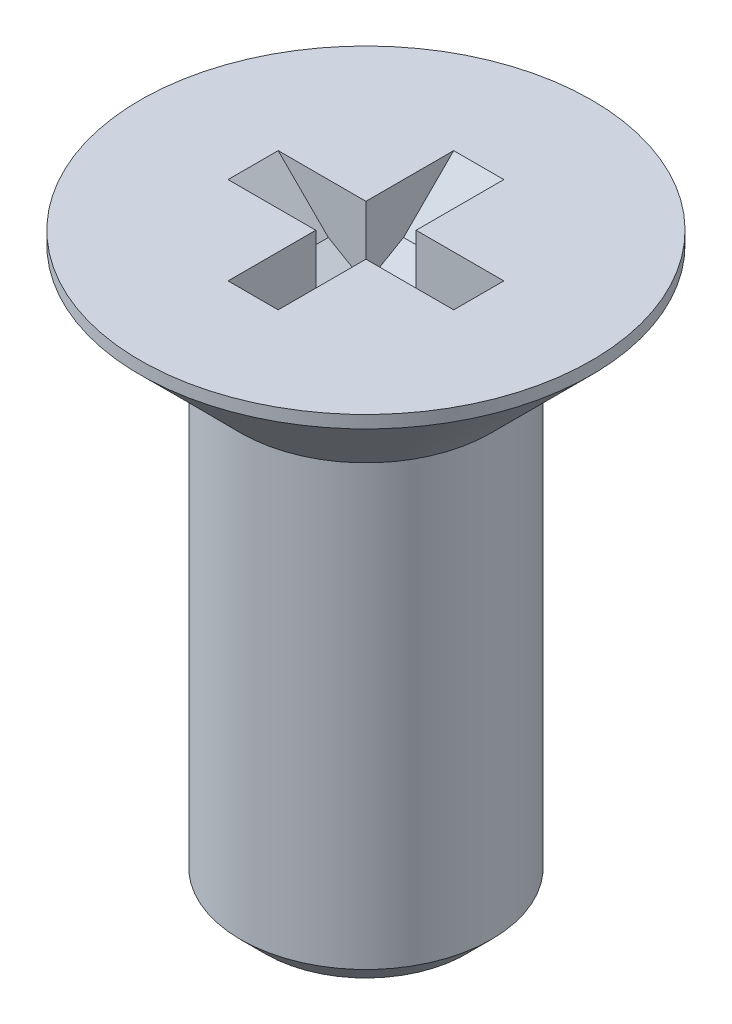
ISO-10303-21;
HEADER;
FILE_DESCRIPTION(('STEP AP214'),'2;1');
FILE_NAME('part.step','',(''),(''),'','','');
FILE_SCHEMA(('AUTOMOTIVE_DESIGN { 1 0 10303 214 1 1 1 1 }'));
ENDSEC;
DATA;
#1=APPLICATION_CONTEXT('core data for automotive mechanical design processes');
#2=APPLICATION_PROTOCOL_DEFINITION('international standard','automotive_design',2000,#1);
#3=PRODUCT_CONTEXT('',#1,'mechanical');
#4=PRODUCT('Part','Part','',(#3));
#5=PRODUCT_RELATED_PRODUCT_CATEGORY('part','',(#4));
#6=PRODUCT_DEFINITION_FORMATION('','',#4);
#7=PRODUCT_DEFINITION_CONTEXT('part definition',#1,'design');
#8=PRODUCT_DEFINITION('design','',#6,#7);
#9=PRODUCT_DEFINITION_SHAPE('','',#8);
#10=(LENGTH_UNIT() NAMED_UNIT(*) SI_UNIT(.MILLI.,.METRE.));
#11=(NAMED_UNIT(*) PLANE_ANGLE_UNIT() SI_UNIT($,.RADIAN.));
#12=(NAMED_UNIT(*) SI_UNIT($,.STERADIAN.) SOLID_ANGLE_UNIT());
#13=UNCERTAINTY_MEASURE_WITH_UNIT(LENGTH_MEASURE(1.E-05),#10,'distance_accuracy_value','');
#14=(GEOMETRIC_REPRESENTATION_CONTEXT(3) GLOBAL_UNCERTAINTY_ASSIGNED_CONTEXT((#13)) GLOBAL_UNIT_ASSIGNED_CONTEXT((#10,
#11,#12)) REPRESENTATION_CONTEXT('',''));
#15=CARTESIAN_POINT('',(0.,0.,0.));
#16=DIRECTION('',(0.,0.,1.));
#17=DIRECTION('',(1.,0.,0.));
#18=AXIS2_PLACEMENT_3D('',#15,#16,#17);
#19=CARTESIAN_POINT('',(-0.2,-0.5732050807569,-0.2));
#20=DIRECTION('',(0.,-1.,0.));
#21=DIRECTION('',(0.,0.,-1.));
#22=AXIS2_PLACEMENT_3D('',#19,#20,#21);
#23=PLANE('',#22);
#24=DIRECTION('',(1.,0.,0.));
#25=VECTOR('',#24,1.);
#26=CARTESIAN_POINT('',(0.2,-0.573205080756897,-0.199999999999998));
#27=LINE('',#26,#25);
#28=CARTESIAN_POINT('',(0.199999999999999,-0.573205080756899,-0.2));
#29=VERTEX_POINT('',#28);
#30=CARTESIAN_POINT('',(-0.2,-0.573205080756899,-0.199999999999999));
#31=VERTEX_POINT('',#30);
#32=EDGE_CURVE('E135',#29,#31,#27,.F.);
#33=ORIENTED_EDGE('',*,*,#32,.T.);
#34=DIRECTION('',(0.,0.,1.));
#35=VECTOR('',#34,1.);
#36=CARTESIAN_POINT('',(-0.199999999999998,-0.573205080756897,-0.2));
#37=LINE('',#36,#35);
#38=CARTESIAN_POINT('',(-0.2,-0.573205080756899,0.199999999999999));
#39=VERTEX_POINT('',#38);
#40=EDGE_CURVE('E116',#31,#39,#37,.T.);
#41=ORIENTED_EDGE('',*,*,#40,.T.);
#42=DIRECTION('',(1.,0.,0.));
#43=VECTOR('',#42,1.);
#44=CARTESIAN_POINT('',(-0.2,-0.573205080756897,0.199999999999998));
#45=LINE('',#44,#43);
#46=CARTESIAN_POINT('',(0.2,-0.573205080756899,0.199999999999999));
#47=VERTEX_POINT('',#46);
#48=EDGE_CURVE('E112',#39,#47,#45,.T.);
#49=ORIENTED_EDGE('',*,*,#48,.T.);
#50=DIRECTION('',(0.,0.,1.));
#51=VECTOR('',#50,1.);
#52=CARTESIAN_POINT('',(0.199999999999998,-0.573205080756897,0.2));
#53=LINE('',#52,#51);
#54=EDGE_CURVE('E137',#47,#29,#53,.F.);
#55=ORIENTED_EDGE('',*,*,#54,.T.);
#56=EDGE_LOOP('',(#33,#41,#49,#55));
#57=FACE_BOUND('',#56,.T.);
#58=ADVANCED_FACE('F17',(#57),#23,.F.);
#59=CARTESIAN_POINT('',(-0.2,-0.4,0.5));
#60=DIRECTION('',(0.,-0.866025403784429,0.500000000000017));
#61=DIRECTION('',(0.,-0.500000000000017,-0.866025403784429));
#62=AXIS2_PLACEMENT_3D('',#59,#60,#61);
#63=PLANE('',#62);
#64=DIRECTION('',(0.,-0.500000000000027,-0.866025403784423));
#65=VECTOR('',#64,1.);
#66=CARTESIAN_POINT('',(0.2,-0.4,0.5));
#67=LINE('',#66,#65);
#68=CARTESIAN_POINT('',(0.2,-0.4,0.5));
#69=VERTEX_POINT('',#68);
#70=EDGE_CURVE('E130',#69,#47,#67,.T.);
#71=ORIENTED_EDGE('',*,*,#70,.T.);
#72=ORIENTED_EDGE('',*,*,#48,.F.);
#73=DIRECTION('',(0.,-0.500000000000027,-0.866025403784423));
#74=VECTOR('',#73,1.);
#75=CARTESIAN_POINT('',(-0.2,-0.4,0.5));
#76=LINE('',#75,#74);
#77=CARTESIAN_POINT('',(-0.2,-0.399999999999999,0.500000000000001));
#78=VERTEX_POINT('',#77);
#79=EDGE_CURVE('E109',#78,#39,#76,.T.);
#80=ORIENTED_EDGE('',*,*,#79,.F.);
#81=DIRECTION('',(1.,0.,0.));
#82=VECTOR('',#81,1.);
#83=CARTESIAN_POINT('',(-0.2,-0.4,0.5));
#84=LINE('',#83,#82);
#85=EDGE_CURVE('E105',#78,#69,#84,.T.);
#86=ORIENTED_EDGE('',*,*,#85,.T.);
#87=EDGE_LOOP('',(#71,#72,#80,#86));
#88=FACE_BOUND('',#87,.T.);
#89=ADVANCED_FACE('F111',(#88),#63,.F.);
#90=CARTESIAN_POINT('',(0.5,-0.4,0.2));
#91=DIRECTION('',(0.500000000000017,-0.866025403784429,0.));
#92=DIRECTION('',(0.866025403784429,0.500000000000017,0.));
#93=AXIS2_PLACEMENT_3D('',#90,#91,#92);
#94=PLANE('',#93);
#95=DIRECTION('',(-0.866025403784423,-0.500000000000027,0.));
#96=VECTOR('',#95,1.);
#97=CARTESIAN_POINT('',(0.5,-0.4,-0.2));
#98=LINE('',#97,#96);
#99=CARTESIAN_POINT('',(0.5,-0.4,-0.2));
#100=VERTEX_POINT('',#99);
#101=EDGE_CURVE('E417',#100,#29,#98,.T.);
#102=ORIENTED_EDGE('',*,*,#101,.T.);
#103=ORIENTED_EDGE('',*,*,#54,.F.);
#104=DIRECTION('',(0.866025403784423,0.500000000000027,0.));
#105=VECTOR('',#104,1.);
#106=CARTESIAN_POINT('',(0.2,-0.5732050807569,0.2));
#107=LINE('',#106,#105);
#108=CARTESIAN_POINT('',(0.499999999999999,-0.400000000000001,0.2));
#109=VERTEX_POINT('',#108);
#110=EDGE_CURVE('E427',#47,#109,#107,.T.);
#111=ORIENTED_EDGE('',*,*,#110,.T.);
#112=DIRECTION('',(0.,0.,1.));
#113=VECTOR('',#112,1.);
#114=CARTESIAN_POINT('',(0.5,-0.4,0.2));
#115=LINE('',#114,#113);
#116=EDGE_CURVE('E422',#109,#100,#115,.F.);
#117=ORIENTED_EDGE('',*,*,#116,.T.);
#118=EDGE_LOOP('',(#102,#103,#111,#117));
#119=FACE_BOUND('',#118,.T.);
#120=ADVANCED_FACE('F343',(#119),#94,.F.);
#121=CARTESIAN_POINT('',(0.2,-0.4,-0.5));
#122=DIRECTION('',(0.,-0.866025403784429,-0.500000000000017));
#123=DIRECTION('',(0.,0.500000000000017,-0.866025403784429));
#124=AXIS2_PLACEMENT_3D('',#121,#122,#123);
#125=PLANE('',#124);
#126=DIRECTION('',(0.,-0.500000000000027,0.866025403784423));
#127=VECTOR('',#126,1.);
#128=CARTESIAN_POINT('',(-0.2,-0.4,-0.5));
#129=LINE('',#128,#127);
#130=CARTESIAN_POINT('',(-0.2,-0.4,-0.5));
#131=VERTEX_POINT('',#130);
#132=EDGE_CURVE('E381',#131,#31,#129,.T.);
#133=ORIENTED_EDGE('',*,*,#132,.T.);
#134=ORIENTED_EDGE('',*,*,#32,.F.);
#135=DIRECTION('',(0.,-0.500000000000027,0.866025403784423));
#136=VECTOR('',#135,1.);
#137=CARTESIAN_POINT('',(0.2,-0.4,-0.5));
#138=LINE('',#137,#136);
#139=CARTESIAN_POINT('',(0.2,-0.399999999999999,-0.500000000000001));
#140=VERTEX_POINT('',#139);
#141=EDGE_CURVE('E414',#140,#29,#138,.T.);
#142=ORIENTED_EDGE('',*,*,#141,.F.);
#143=DIRECTION('',(1.,0.,0.));
#144=VECTOR('',#143,1.);
#145=CARTESIAN_POINT('',(0.2,-0.4,-0.5));
#146=LINE('',#145,#144);
#147=EDGE_CURVE('E383',#140,#131,#146,.F.);
#148=ORIENTED_EDGE('',*,*,#147,.T.);
#149=EDGE_LOOP('',(#133,#134,#142,#148));
#150=FACE_BOUND('',#149,.T.);
#151=ADVANCED_FACE('F333',(#150),#125,.F.);
#152=CARTESIAN_POINT('',(-0.5,-0.4,-0.2));
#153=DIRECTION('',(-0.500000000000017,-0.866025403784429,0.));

++++++++++++++++++++

**Exercise aim**
From the listing above, the lines starting with the one that has "#142=ORIENTED_EDGE('',*,*,#141,.F.);" and running through the one that has "#152=CARTESIAN_POINT('',(-0.5,-0.4,-0.2));" should be copied exactly, ends included.

**Task solution**
#142=ORIENTED_EDGE('',*,*,#141,.F.);
#143=DIRECTION('',(1.,0.,0.));
#144=VECTOR('',#143,1.);
#145=CARTESIAN_POINT('',(0.2,-0.4,-0.5));
#146=LINE('',#145,#144);
#147=EDGE_CURVE('E383',#140,#131,#146,.F.);
#148=ORIENTED_EDGE('',*,*,#147,.T.);
#149=EDGE_LOOP('',(#133,#134,#142,#148));
#150=FACE_BOUND('',#149,.T.);
#151=ADVANCED_FACE('F333',(#150),#125,.F.);
#152=CARTESIAN_POINT('',(-0.5,-0.4,-0.2));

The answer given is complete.